Task statement
Only one stretch of the data below is wanted: the lines starting at the one with "Description: POM T5" and ending at the one with "0) x (-1, 0, 0)", both included, given again exactly.

Source information

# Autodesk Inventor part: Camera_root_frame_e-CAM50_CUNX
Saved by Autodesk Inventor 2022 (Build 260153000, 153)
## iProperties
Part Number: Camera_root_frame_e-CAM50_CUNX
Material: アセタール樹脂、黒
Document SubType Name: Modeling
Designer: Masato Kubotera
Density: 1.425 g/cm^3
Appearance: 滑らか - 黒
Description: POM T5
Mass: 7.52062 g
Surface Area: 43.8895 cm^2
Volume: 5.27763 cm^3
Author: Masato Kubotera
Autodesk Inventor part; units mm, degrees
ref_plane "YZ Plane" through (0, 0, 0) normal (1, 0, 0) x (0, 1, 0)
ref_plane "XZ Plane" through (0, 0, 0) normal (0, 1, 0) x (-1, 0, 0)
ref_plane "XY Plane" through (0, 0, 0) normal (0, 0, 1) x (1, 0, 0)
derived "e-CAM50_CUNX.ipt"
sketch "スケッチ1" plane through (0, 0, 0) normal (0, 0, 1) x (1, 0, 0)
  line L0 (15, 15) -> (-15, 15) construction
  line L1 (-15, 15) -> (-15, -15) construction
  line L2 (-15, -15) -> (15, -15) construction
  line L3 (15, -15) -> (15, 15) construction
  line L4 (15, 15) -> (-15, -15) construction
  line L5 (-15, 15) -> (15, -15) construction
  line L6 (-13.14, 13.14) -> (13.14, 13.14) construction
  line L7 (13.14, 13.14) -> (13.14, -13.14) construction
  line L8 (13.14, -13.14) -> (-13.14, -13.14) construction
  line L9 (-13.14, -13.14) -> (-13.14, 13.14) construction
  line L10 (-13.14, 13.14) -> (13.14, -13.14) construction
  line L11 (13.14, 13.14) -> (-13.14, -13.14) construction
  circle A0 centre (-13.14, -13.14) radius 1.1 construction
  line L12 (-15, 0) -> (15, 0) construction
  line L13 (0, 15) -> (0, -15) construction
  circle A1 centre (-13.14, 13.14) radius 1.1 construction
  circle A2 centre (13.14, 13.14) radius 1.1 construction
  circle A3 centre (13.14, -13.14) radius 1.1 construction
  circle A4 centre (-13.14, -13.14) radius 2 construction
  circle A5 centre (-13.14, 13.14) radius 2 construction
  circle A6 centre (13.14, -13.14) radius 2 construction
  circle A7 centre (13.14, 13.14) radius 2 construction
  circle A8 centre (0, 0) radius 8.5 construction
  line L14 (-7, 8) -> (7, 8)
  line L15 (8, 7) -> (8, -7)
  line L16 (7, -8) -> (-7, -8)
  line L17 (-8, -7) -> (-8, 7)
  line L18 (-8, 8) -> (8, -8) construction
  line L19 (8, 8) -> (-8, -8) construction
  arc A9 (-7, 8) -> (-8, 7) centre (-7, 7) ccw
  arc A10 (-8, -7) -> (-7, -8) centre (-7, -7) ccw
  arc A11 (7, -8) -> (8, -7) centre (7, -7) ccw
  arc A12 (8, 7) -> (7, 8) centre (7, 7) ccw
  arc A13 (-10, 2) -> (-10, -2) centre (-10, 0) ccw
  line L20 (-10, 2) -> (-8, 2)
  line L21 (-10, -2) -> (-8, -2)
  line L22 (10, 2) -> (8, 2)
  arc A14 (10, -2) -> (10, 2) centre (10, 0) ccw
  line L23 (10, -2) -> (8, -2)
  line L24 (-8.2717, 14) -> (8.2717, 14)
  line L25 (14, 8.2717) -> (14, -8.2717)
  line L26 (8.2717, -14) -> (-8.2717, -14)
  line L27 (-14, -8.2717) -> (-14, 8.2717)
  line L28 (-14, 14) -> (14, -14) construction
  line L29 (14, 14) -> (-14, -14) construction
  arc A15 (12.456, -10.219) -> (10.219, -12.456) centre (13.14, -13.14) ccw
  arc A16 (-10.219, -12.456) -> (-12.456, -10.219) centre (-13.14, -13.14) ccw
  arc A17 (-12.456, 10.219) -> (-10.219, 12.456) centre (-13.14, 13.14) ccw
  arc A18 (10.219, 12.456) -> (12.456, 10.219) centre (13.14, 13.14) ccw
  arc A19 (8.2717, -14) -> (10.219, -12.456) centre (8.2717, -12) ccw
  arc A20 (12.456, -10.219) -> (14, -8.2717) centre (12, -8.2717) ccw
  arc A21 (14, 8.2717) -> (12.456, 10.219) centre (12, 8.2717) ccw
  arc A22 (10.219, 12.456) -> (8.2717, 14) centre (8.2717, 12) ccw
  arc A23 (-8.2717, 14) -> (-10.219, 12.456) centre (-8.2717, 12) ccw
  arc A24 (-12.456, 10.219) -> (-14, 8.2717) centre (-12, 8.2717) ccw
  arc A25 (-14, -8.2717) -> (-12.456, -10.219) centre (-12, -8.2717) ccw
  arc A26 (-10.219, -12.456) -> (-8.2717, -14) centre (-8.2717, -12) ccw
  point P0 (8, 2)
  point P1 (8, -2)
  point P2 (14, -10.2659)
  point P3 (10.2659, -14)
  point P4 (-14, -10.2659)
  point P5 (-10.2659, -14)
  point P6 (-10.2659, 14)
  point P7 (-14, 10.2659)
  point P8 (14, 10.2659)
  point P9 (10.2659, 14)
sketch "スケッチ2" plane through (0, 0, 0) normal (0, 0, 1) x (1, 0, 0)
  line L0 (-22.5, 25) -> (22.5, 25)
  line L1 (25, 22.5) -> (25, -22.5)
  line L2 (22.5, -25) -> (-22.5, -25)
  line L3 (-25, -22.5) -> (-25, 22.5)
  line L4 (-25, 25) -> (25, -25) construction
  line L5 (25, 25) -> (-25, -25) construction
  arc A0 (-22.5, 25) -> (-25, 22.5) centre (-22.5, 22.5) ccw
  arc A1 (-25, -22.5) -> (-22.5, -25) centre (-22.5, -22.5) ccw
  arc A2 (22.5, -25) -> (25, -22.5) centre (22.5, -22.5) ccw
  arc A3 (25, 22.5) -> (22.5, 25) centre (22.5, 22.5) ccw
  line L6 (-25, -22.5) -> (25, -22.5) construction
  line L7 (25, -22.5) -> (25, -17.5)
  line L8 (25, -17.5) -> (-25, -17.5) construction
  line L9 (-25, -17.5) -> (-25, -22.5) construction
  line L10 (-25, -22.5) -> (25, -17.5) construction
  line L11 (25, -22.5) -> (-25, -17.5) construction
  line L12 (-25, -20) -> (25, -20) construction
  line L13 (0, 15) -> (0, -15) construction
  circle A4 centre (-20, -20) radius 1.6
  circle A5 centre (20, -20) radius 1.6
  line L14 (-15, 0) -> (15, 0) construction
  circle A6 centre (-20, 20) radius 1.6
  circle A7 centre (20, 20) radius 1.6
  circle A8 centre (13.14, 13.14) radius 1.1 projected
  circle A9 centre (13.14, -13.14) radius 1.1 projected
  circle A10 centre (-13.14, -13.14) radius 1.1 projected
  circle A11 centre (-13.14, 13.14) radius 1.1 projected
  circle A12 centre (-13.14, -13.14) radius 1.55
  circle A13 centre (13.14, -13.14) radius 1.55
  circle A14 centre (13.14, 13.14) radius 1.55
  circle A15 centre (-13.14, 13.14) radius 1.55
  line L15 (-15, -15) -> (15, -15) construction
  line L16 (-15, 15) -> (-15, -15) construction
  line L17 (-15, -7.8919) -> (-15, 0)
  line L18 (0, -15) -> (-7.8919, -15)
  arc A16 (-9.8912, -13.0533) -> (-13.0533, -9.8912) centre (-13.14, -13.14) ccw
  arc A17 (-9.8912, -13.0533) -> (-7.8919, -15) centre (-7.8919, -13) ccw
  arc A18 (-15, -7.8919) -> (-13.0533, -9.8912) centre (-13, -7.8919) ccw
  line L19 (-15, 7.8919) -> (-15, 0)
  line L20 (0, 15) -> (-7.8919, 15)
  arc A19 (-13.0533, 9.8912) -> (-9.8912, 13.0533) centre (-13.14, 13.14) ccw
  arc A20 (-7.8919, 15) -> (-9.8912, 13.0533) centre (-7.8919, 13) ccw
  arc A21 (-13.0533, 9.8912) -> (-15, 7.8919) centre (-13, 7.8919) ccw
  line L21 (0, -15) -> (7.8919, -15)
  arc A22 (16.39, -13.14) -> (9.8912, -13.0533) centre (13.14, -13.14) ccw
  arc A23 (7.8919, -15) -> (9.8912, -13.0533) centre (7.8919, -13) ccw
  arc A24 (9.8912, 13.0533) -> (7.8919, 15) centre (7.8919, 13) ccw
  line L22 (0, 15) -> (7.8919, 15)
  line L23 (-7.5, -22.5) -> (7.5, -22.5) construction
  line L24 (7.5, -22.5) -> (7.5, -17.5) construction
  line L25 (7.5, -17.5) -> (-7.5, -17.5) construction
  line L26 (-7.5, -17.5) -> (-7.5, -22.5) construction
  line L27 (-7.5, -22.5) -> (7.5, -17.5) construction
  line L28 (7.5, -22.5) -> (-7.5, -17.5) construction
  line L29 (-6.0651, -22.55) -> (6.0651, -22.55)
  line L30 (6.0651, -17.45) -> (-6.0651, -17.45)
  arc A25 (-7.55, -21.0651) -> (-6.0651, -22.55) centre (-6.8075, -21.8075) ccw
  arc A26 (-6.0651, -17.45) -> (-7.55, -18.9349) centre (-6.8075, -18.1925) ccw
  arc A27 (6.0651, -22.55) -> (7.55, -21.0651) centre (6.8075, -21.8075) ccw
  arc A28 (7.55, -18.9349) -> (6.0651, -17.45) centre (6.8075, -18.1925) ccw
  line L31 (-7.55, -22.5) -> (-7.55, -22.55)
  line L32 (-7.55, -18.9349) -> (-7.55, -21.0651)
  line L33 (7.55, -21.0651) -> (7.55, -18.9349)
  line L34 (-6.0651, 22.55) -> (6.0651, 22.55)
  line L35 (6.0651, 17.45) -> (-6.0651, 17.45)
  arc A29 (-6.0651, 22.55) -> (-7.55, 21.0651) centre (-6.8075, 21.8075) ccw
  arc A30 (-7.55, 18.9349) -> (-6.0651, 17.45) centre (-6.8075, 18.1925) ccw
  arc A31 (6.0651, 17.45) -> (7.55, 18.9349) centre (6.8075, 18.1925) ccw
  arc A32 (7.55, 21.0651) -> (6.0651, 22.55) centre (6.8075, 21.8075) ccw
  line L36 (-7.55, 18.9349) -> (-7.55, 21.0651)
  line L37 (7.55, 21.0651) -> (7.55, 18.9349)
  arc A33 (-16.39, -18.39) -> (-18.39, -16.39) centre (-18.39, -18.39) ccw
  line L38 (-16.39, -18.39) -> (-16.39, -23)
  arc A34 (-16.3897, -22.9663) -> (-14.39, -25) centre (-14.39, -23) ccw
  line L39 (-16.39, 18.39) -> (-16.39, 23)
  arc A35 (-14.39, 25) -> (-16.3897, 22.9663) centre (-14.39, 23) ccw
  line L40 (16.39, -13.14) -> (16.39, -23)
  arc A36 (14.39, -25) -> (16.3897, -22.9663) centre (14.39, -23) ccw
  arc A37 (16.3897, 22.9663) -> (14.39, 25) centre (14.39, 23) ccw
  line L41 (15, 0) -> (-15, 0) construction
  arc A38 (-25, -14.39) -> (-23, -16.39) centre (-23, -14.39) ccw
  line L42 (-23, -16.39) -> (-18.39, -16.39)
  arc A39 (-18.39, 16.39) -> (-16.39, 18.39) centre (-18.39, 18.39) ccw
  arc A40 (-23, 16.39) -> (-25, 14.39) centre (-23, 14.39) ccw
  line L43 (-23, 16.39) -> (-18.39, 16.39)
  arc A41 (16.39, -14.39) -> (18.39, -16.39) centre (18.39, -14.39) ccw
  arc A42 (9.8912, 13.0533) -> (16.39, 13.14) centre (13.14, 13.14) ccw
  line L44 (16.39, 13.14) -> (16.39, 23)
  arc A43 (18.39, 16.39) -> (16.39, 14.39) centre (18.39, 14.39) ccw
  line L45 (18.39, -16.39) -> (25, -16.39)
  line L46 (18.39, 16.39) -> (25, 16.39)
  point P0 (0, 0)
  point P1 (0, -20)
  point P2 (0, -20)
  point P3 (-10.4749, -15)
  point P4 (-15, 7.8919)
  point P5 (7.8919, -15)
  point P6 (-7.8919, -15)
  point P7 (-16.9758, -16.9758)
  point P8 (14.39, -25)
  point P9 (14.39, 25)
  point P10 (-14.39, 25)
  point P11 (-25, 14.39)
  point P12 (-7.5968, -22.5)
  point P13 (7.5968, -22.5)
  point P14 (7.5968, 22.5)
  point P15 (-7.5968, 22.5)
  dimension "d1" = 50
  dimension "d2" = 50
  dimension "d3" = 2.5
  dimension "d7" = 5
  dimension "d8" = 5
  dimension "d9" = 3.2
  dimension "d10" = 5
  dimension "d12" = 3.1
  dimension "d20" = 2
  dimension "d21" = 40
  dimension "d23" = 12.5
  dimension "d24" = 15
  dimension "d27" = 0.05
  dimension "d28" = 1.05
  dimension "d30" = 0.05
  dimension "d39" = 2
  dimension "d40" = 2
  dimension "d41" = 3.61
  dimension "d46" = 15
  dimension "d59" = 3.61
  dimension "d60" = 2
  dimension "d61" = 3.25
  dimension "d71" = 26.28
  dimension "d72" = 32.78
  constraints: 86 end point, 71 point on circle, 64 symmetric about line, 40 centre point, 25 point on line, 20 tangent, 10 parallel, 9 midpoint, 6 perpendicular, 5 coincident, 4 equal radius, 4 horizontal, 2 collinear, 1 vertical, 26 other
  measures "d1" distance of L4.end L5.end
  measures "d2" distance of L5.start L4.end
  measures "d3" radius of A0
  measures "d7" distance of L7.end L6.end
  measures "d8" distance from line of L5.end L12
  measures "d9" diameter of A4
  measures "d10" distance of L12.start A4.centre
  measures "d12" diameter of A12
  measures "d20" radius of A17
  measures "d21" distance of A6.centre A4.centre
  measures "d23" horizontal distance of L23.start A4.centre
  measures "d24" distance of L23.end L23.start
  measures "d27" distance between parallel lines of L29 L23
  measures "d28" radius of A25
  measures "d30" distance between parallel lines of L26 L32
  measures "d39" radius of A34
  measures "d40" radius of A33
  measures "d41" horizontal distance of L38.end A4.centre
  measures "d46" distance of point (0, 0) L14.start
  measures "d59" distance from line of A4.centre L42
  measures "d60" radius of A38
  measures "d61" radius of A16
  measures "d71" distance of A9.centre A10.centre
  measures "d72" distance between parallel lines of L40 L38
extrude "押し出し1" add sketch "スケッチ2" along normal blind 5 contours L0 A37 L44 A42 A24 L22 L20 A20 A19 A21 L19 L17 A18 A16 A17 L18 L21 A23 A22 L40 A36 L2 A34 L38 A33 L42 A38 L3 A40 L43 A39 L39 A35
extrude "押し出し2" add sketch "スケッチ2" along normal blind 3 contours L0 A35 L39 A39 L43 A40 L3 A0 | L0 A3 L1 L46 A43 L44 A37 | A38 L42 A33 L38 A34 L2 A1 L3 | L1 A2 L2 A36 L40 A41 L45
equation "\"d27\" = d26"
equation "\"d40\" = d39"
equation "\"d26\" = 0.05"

Worked solution
Description: POM T5
Mass: 7.52062 g
Surface Area: 43.8895 cm^2
Volume: 5.27763 cm^3
Author: Masato Kubotera
Autodesk Inventor part; units mm, degrees
ref_plane "YZ Plane" through (0, 0, 0) normal (1, 0, 0) x (0, 1, 0)
ref_plane "XZ Plane" through (0, 0, 0) normal (0, 1, 0) x (-1, 0, 0)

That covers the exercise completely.